Sheep grazing on farmland at Tawharanui, New Zealand. Farming drastically transforms the hydrology and ecology of a landscape. Photo by Koon Chakhatrakan on Unsplash (2020).

Volunteer restoration groups in Aotearoa are a huge part of national conservation and restoration progress. Generally, we have a “top-down” approach to environmental management, where the Department of Conservation largely manages public land. However, resource constraints often lead to communities taking on restoration projects, overseen and approved by DOC. In many reserves, community groups do the bulk of the management and provide on-the-ground labour. These groups engage in a huge range of activities including pest trapping, native bird and invertebrate monitoring, building recreational and conservation infrastructure such as tracks, toilets, nurseries, and tree planting.
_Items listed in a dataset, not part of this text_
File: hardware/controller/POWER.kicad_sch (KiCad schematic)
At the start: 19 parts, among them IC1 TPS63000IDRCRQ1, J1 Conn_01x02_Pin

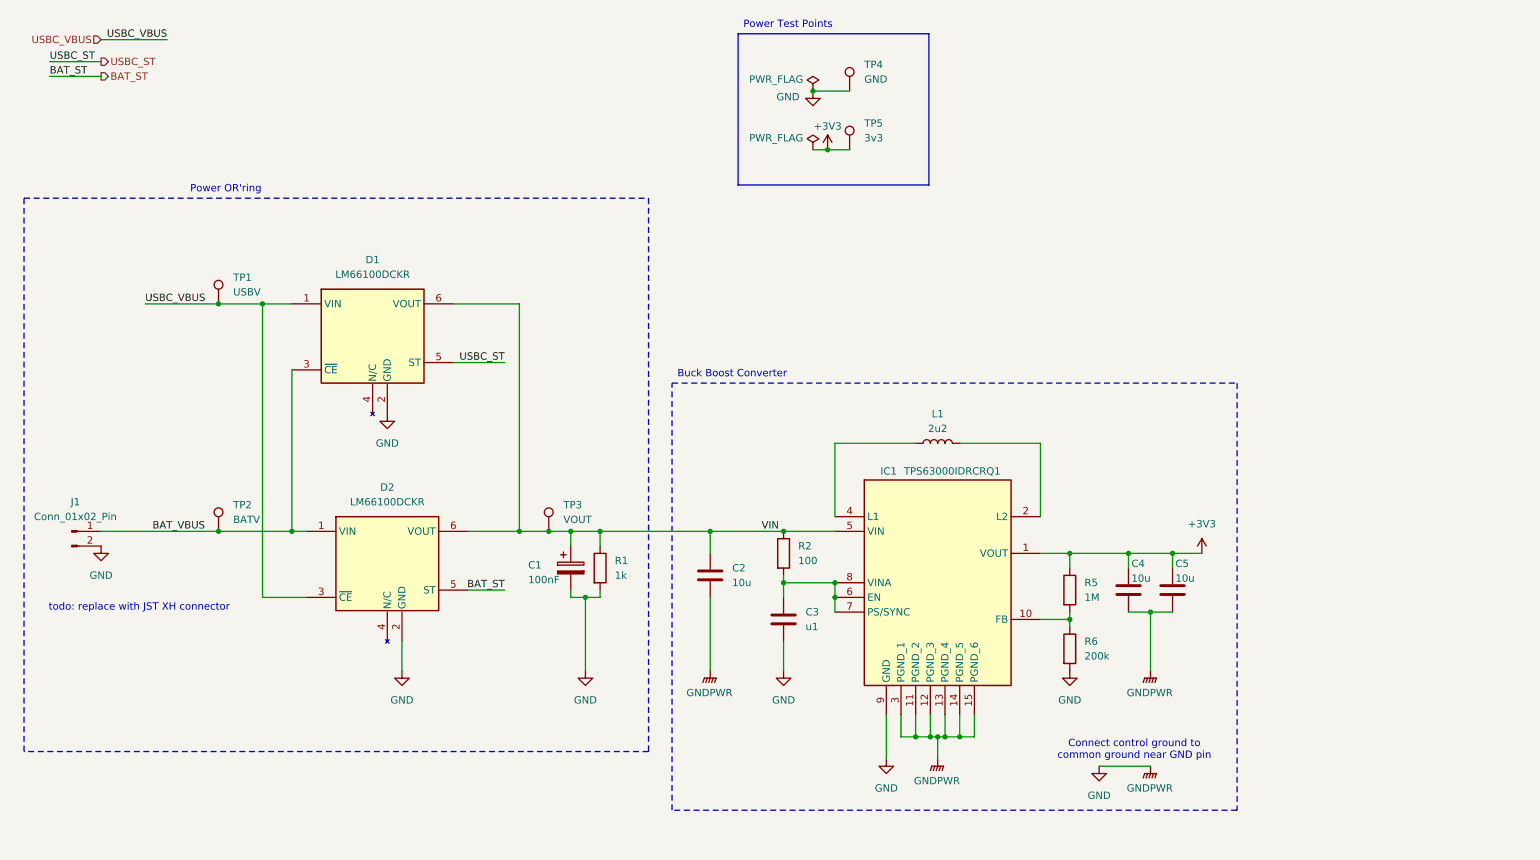
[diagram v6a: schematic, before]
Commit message: ERC good to go. grouped all components on pcb
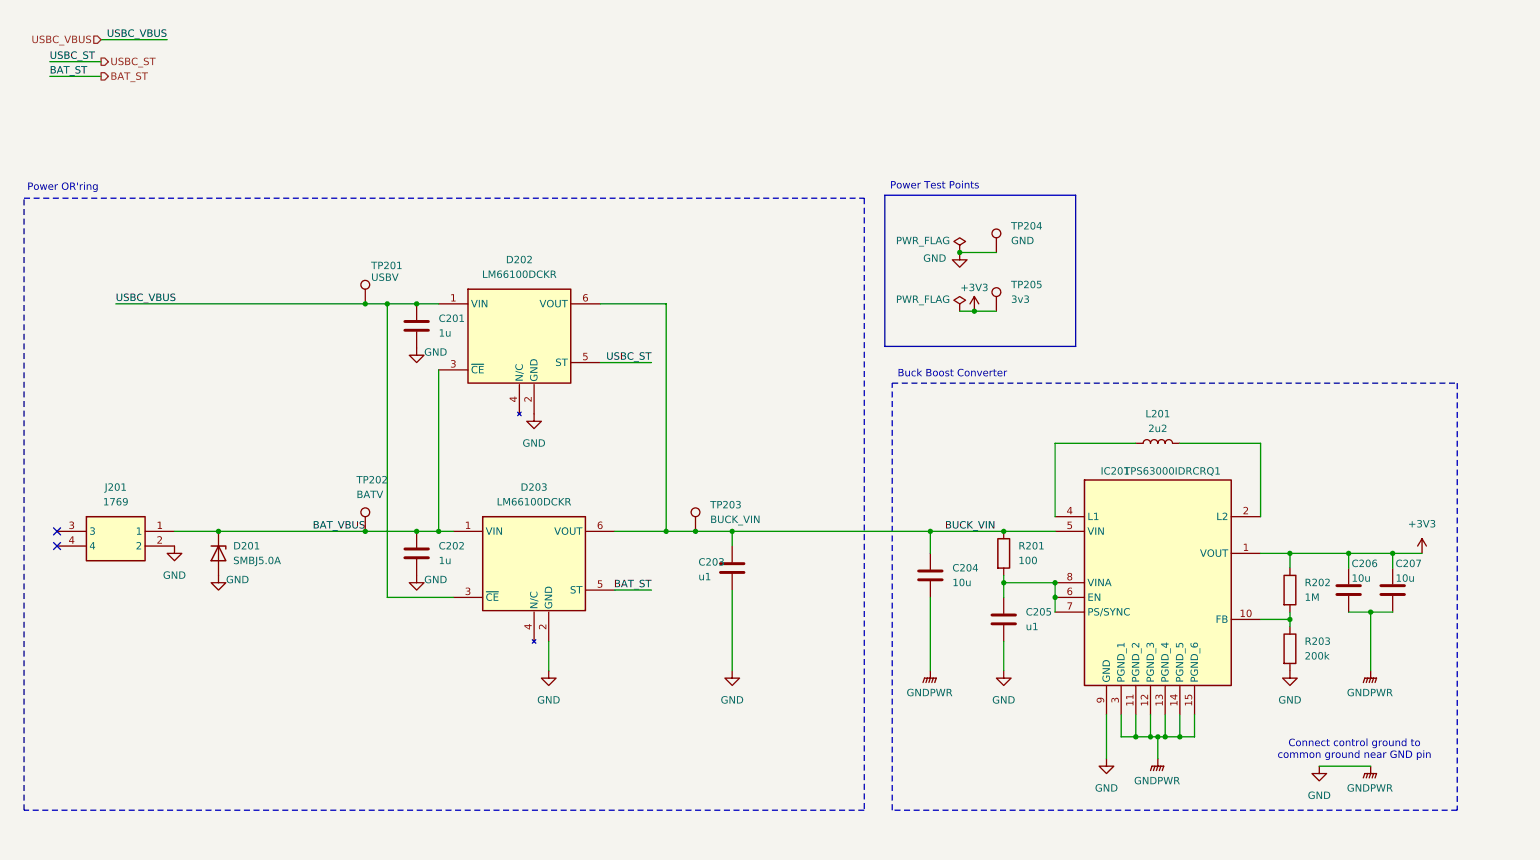
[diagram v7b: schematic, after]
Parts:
- removed C1: 100nF, symbol Device:C_Polarized
- removed J1: Conn_01x02_Pin, symbol Connector:Conn_01x02_Pin
- removed R1: 1k, RESC3116X65N, symbol Device:R
- added C201, C202: 1u, SamacSys_Parts:CAPC2012X135N, symbol Device:C
- added C203: u1, SamacSys_Parts:MAJx16, symbol Device:C
- added D201: SMBJ5.0A, SamacSys_Parts:DIOM5436X261N, symbol Device:D_Zener
- added J201: 1769, SamacSys_Parts:1769, symbol SamacSys_Parts:1769
- C204: renamed from C2; footprint CAPC1608X80N -> SamacSys_Parts:CAPC1608X80N
- C205: renamed from C3; footprint MAJx16 -> SamacSys_Parts:MAJx16
- C206: renamed from C4; footprint CAPC1608X80N -> SamacSys_Parts:CAPC1608X80N
- C207: renamed from C5; footprint CAPC1608X80N -> SamacSys_Parts:CAPC1608X80N
- D202: renamed from D1; footprint SOP65P210X110-6N -> SamacSys_Parts:SOP65P210X110-6N
- D203: renamed from D2; footprint SOP65P210X110-6N -> SamacSys_Parts:SOP65P210X110-6N
- IC201: renamed from IC1; footprint TPS63000IDRCRQ1 -> SamacSys_Parts:TPS63000IDRCRQ1
- L201: renamed from L1; footprint NRS3015T2R2MNGHV -> SamacSys_Parts:NRS3015T2R2MNGHV
- R201: renamed from R2; footprint (none) -> SamacSys_Parts:ERJP08__1206_; Height (none) -> 0.7; Manufacturer_Name (none) -> Panasonic; Manufacturer_Part_Number (none) -> ERJ-P08J101V; Mouser Part Number (none) -> 667-ERJ-P08J101V; Mouser Price/Stock (none) -> https://www.mouser.co.uk/ProductDetail/Panasonic/ERJ-P08J10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
- R202: renamed from R5; footprint (none) -> Resistor_SMD:R_0603_1608Metric; Mouser Part Number (none) -> 755-SFR03EZPJ105; Mouser Price/Stock (none) -> https://www.mouser.com/ProductDetail/ROHM-Semiconductor/SFR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
- R203: renamed from R6; footprint (none) -> SamacSys_Parts:RESC1608X55N; Height (none) -> 0.55; Manufacturer_Name (none) -> ROHM Semiconductor; Manufacturer_Part_Number (none) -> KTR03EZPJ204; Mouser Part Number (none) -> 755-KTR03EZPJ204; Mouser Price/Stock (none) -> https://www.mouser.co.uk/ProductDetail/ROHM-Semiconductor/K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
- TP203: renamed from TP3; value VOUT -> BUCK_VIN
- renumbered TP1 to TP201, TP2 to TP202, TP4 to TP204, TP5 to TP205
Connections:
- net BAT_VBUS: now also C202.1, D201.1 (K), J201.1
- net GND: now also C201.2, C202.2, C203.2, D201.2 (A), J201.2
- net USBC_VBUS: now also C201.1
- net VIN renamed BUCK_VIN
- net BUCK_VIN: now also C203.1
- no-connect marks 0 -> 2
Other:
- note removed: "todo: replace with JST XH connector"
- moved on the sheet: C204, C205, C206, C207, D202, D203, IC201, L201, R201, R202, R203, TP201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

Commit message: fixed 3d models. rounded edges of pcb
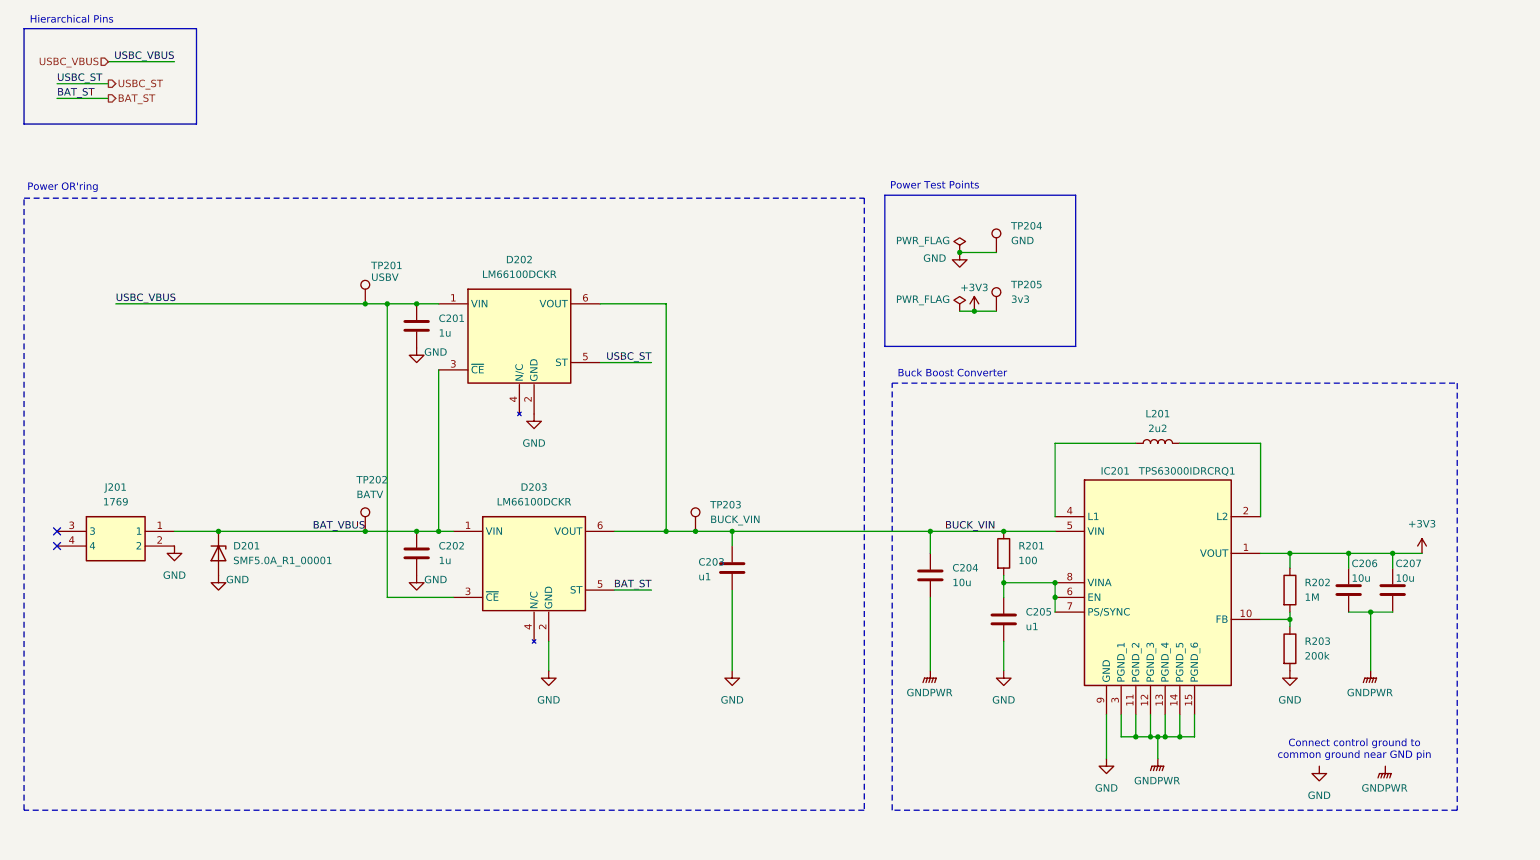
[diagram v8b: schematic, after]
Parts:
- D201: value SMBJ5.0A -> SMF5.0A_R1_00001; footprint SamacSys_Parts:DIOM5436X261N -> SMF50A_R1_00001; Height 2.61 -> 1.1; Manufacturer_Name LITTELFUSE -> PANJIT; Manufacturer_Part_Number SMBJ5.0A -> SMF5.0A_R1_00001; Mouser Part Number 576-SMBJ5.0A -> 241-SMF5.0A_R1_00001; Mouser Price/Stock https://www.mouser.co.uk/ProductDetail/Littelfuse/SMBJ5.0A?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 -> https://www.mouser.co.uk/ProductDetail/Panjit/SMF5.0A_R1_00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
- R201: footprint SamacSys_Parts:ERJP08__1206_ -> RESC1608X55N; Height 0.7 -> 0.55; Manufacturer_Name Panasonic -> ROHM Semiconductor; Manufacturer_Part_Number ERJ-P08J101V -> ESR03EZPF1000; Mouser Part Number 667-ERJ-P08J101V -> 755-ESR03EZPF1000; Mouser Price/Stock https://www.mouser.co.uk/ProductDetail/Panasonic/ERJ-P08J10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 -> https://www.mouser.co.uk/ProductDetail/ROHM-Semiconductor/E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
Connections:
- net GND: no longer C204.2, C206.2, C207.2, IC201.11 (PGND_2), IC201.12 (PGND_3), IC201.13 (PGND_4), IC201.14 (PGND_5), IC201.15 (PGND_6), IC201.3 (PGND_1)
- new net GNDPWR: C204.2, C206.2, C207.2, IC201.11 (PGND_2), IC201.12 (PGND_3), IC201.13 (PGND_4), IC201.14 (PGND_5), IC201.15 (PGND_6), IC201.3 (PGND_1)
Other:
- note added: "Hierarchical Pins"
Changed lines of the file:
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@@
 	)
 	(rectangle
+		(start 17.145 23.495)
+		(end 46.99 40.005)
+		(stroke
+			(width 0)
+			(type default)
+		)
+		(fill
+			(type none)
+		)
+	)
+	(rectangle
 		(start 166.116 52.324)
 		(end 199.136 78.486)
@@
 		)
 	)
+	(text "Hierarchical Pins"
+		(exclude_from_sim no)
+		(at 25.4 22.098 0)
+		(effects
+			(font
+				(size 1.27 1.27)
+			)
+		)
+	)
 	(junction
 		(at 181.61 72.39)
@@
 	)
 	(junction
-		(at 214.63 146.05)
+		(at 186.69 110.49)
 		(diameter 0)
 		(color 0 0 0 0)
 	)
 	(junction
-		(at 50.8 110.49)
+		(at 214.63 146.05)
 		(diameter 0)
 		(color 0 0 0 0)
@@
 	)
 	(junction
-		(at 186.69 110.49)
-		(diameter 0)
-		(color 0 0 0 0)
-	)
-	(junction
 		(at 133.35 110.49)
 		(diameter 0)
@@
 	)
 	(junction
+		(at 50.8 110.49)
+		(diameter 0)
+		(color 0 0 0 0)
+	)
+	(junction
 		(at 88.9 110.49)
 		(diameter 0)
@@
 	(wire
 		(pts
-			(xy 50.8 110.49) (xy 76.2 110.49)
+			(xy 186.69 110.49) (xy 195.58 110.49)
 		)
 		(stroke
@@
 	(wire
 		(pts
-			(xy 21.59 31.75) (xy 30.48 31.75)
+			(xy 22.86 35.56) (xy 31.75 35.56)
 		)
 		(stroke
@@
 	(wire
 		(pts
+			(xy 50.8 110.49) (xy 76.2 110.49)
+		)
+		(stroke
+			(width 0)
+			(type default)
+		)
+	)
+	(wire
+		(pts
 			(xy 236.22 114.3) (xy 231.14 114.3)
 		)
@@
 	(wire
 		(pts
-			(xy 21.59 29.21) (xy 30.48 29.21)
+			(xy 22.86 33.02) (xy 31.75 33.02)
 		)
 		(stroke
@@
 	(wire
 		(pts
-			(xy 241.3 151.13) (xy 250.19 151.13)
-		)
-		(stroke
-			(width 0)
-			(type default)
-		)
-	)
-	(wire
-		(pts
 			(xy 173.99 110.49) (xy 186.69 110.49)
 		)
@@
 	(wire
 		(pts
-			(xy 186.69 110.49) (xy 195.58 110.49)
-		)
-		(stroke
-			(width 0)
-			(type default)
-		)
-	)
-	(wire
-		(pts
 			(xy 217.17 146.05) (xy 219.71 146.05)
 		)
@@
 	(wire
 		(pts
-			(xy 41.91 25.4) (xy 30.48 25.4)
+			(xy 43.18 29.21) (xy 31.75 29.21)
 		)
 		(stroke
@@
 	)
 	(label "BAT_ST"
-		(at 21.59 31.75 0)
+		(at 22.86 35.56 0)
 		(effects
 			(font
@@
 	)
 	(label "USBC_VBUS"
-		(at 41.91 25.4 180)
+		(at 43.18 29.21 180)
 		(effects
 			(font
@@
 	)
 	(label "USBC_ST"
-		(at 21.59 29.21 0)
+		(at 22.86 33.02 0)
 		(effects
 			(font
@@
 	(hierarchical_label "USBC_VBUS"
 		(shape input)
-		(at 30.48 25.4 180)
+		(at 31.75 29.21 180)
 		(effects
 			(font
@@
 	(hierarchical_label "BAT_ST"
 		(shape output)
-		(at 30.48 31.75 0)
+		(at 31.75 35.56 0)
 		(effects
 			(font
@@
 	(hierarchical_label "USBC_ST"
 		(shape output)
-		(at 30.48 29.21 0)
+		(at 31.75 33.02 0)
 		(effects
 			(font
@@
 	(symbol
 		(lib_id "power:GNDPWR")
-		(at 250.19 151.13 0)
+		(at 252.73 151.13 0)
 		(unit 1)
 		(exclude_from_sim no)
@@
 		(fields_autoplaced yes)
 		(property "Reference" "#PWR0217"
-			(at 250.19 156.21 0)
+			(at 252.73 156.21 0)
 			(effects
 				(font
@@
 		)
 		(property "Value" "GNDPWR"
-			(at 250.063 154.94 0)
+			(at 252.603 154.94 0)
 			(effects
 				(font
@@
 		)
 		(property "Footprint" ""
-			(at 250.19 152.4 0)
+			(at 252.73 152.4 0)
 			(effects
 				(font
@@
 		)
 		(property "Datasheet" ""
-			(at 250.19 152.4 0)
+			(at 252.73 152.4 0)
 			(effects
 				(font
@@
 		)
 		(property "Description" "Power symbol creates a global label with name \"GNDPWR\" , global ground"
-			(at 250.19 151.13 0)
+			(at 252.73 151.13 0)
 			(effects
 				(font
@@
 			)
 		)
-		(property "Footprint" "SamacSys_Parts:ERJP08__1206_"
+		(property "Footprint" "RESC1608X55N"
 			(at 200.66 210.49 0)
 			(effects
@@
 			)
 		)
-		(property "Datasheet" "http://industrial.panasonic.com/cdbs/www-data/pdf/RDO0000/AOA0000C331.pdf"
+		(property "Datasheet" "https://componentsearchengine.com//ESR03EZPF1000.pdf"
 			(at 200.66 310.49 0)
 			(effects
@@
 			)
 		)
-		(property "Description" "Thick Film Resistors - SMD 1206 100ohms 0.66W 5% AEC-Q200"
+		(property "Description" "Thick Film Resistors - SMD 0603 100ohm 1% Anti Surge AEC-Q200"
 			(at 186.69 114.3 0)
 			(effects
@@
 			)
 		)
-		(property "Height" "0.7"
+		(property "Height" "0.55"
 			(at 200.66 510.49 0)
 			(effects
@@
 			)
 		)
-		(property "Mouser Part Number" "667-ERJ-P08J101V"
+		(property "Mouser Part Number" "755-ESR03EZPF1000"
 			(at 200.66 610.49 0)
 			(effects
@@
 			)
 		)
-		(property "Mouser Price/Stock" "https://www.mouser.co.uk/ProductDetail/Panasonic/ERJ-P08J101V?qs=1VWA5LkbEapwjh56YeyL%252Bw%3D%3D"
+		(property "Mouser Price/Stock" "https://www.mouser.co.uk/ProductDetail/ROHM-Semiconductor/ESR03EZPF1000?qs=493kPxzlxfJdLkJZpX4ByA%3D%3D"
 			(at 200.66 710.49 0)
 			(effects
@@
 			)
 		)
-		(property "Manufacturer_Name" "Panasonic"
+		(property "Manufacturer_Name" "ROHM Semiconductor"
 			(at 200.66 810.49 0)
 			(effects
@@
 			)
 		)
-		(property "Manufacturer_Part_Number" "ERJ-P08J101V"
+		(property "Manufacturer_Part_Number" "ESR03EZPF1000"
 			(at 200.66 910.49 0)
 			(effects
@@
 			)
 		)
-		(property "Value" "SMBJ5.0A"
+		(property "Value" "SMF5.0A_R1_00001"
 			(at 53.34 115.5699 90)
 			(effects
@@
 			)
 		)
-		(property "Footprint" "SamacSys_Parts:DIOM5436X261N"
+		(property "Footprint" "SMF50A_R1_00001"
 			(at -42.85 124.46 0)
 			(effects
@@
 			)
 		)
-		(property "Datasheet" "https://www.mouser.co.uk/datasheet/2/240/Littelfuse_TVS_Diode_SMBJ_Datasheet.pdf-1108540.pdf"
+		(property "Datasheet" "https://www.mouser.in/datasheet/2/1057/SMF5.0A_SERIES-1868418.pdf"
 			(at -142.85 124.46 0)
 			(effects
@@
 			)
 		)
-		(property "Description" "Littelfuse SMBJ5.0A, Uni-Directional TVS Diode, 600W, 2-Pin DO-214AA"
+		(property "Description" "ESD Suppressors / TVS Diodes 200W,Transient Voltage Suppressors,SOD-123FL,5V,UNI"
 			(at 50.8 114.3 0)
 			(effects
@@
 			)
 		)
-		(property "Height" "2.61"
+		(property "Height" "1.1"
 			(at -342.85 124.46 0)
 			(effects
@@
 			)
 		)
-		(property "Mouser Part Number" "576-SMBJ5.0A"
+		(property "Mouser Part Number" "241-SMF5.0A_R1_00001"
 			(at -442.85 124.46 0)
 			(effects
@@
 			)
 		)
-		(property "Mouser Price/Stock" "https://www.mouser.co.uk/ProductDetail/Littelfuse/SMBJ5.0A?qs=JJML70Qc14t9tktzNr1oMQ%3D%3D"
+		(property "Mouser Price/Stock" "https://www.mouser.co.uk/ProductDetail/Panjit/SMF5.0A_R1_00001?qs=sPbYRqrBIVlx%2FHVv%252BUyL%252BQ%3D%3D"
 			(at -542.85 124.46 0)
 			(effects
@@
 			)
 		)
-		(property "Manufacturer_Name" "LITTELFUSE"
+		(property "Manufacturer_Name" "PANJIT"
 			(at -642.85 124.46 0)
 			(effects
@@
 			)
 		)
-		(property "Manufacturer_Part_Number" "SMBJ5.0A"
+		(property "Manufacturer_Part_Number" "SMF5.0A_R1_00001"
 			(at -742.85 124.46 0)
 			(effects
@@
 		)
 		(property "Value" "TPS63000IDRCRQ1"
-			(at 207.518 100.076 0)
+			(at 210.058 100.076 0)
 			(effects
 				(font

Tree planting is usually central to restoration, and arguably for a good reason. Replanting can accelerate ecosystem regeneration processes [1]. It is seen as important for carbon fixation [2], and aligns more with human time scales — natural regeneration is far slower [3]. There are also strong social dimensions to tree planting. It’s a great activity for getting stuck in and making change that you can see. It’s extremely satisfying to overlook a field that a group of you have replanted, and growing native plants in the nursery is delightful and industrious. Restoration groups are important places for forming friendships and communities, and the practices centred around replanting keep meetings regular and give groups direction and purpose. I can say this from personal experience! However, replanting is not the only approach restoration groups can and should take, both for the landscape they are involved with and the group themselves. How we are replanting, and perhaps in some cases, whether we should replant at all, might be important to rethink.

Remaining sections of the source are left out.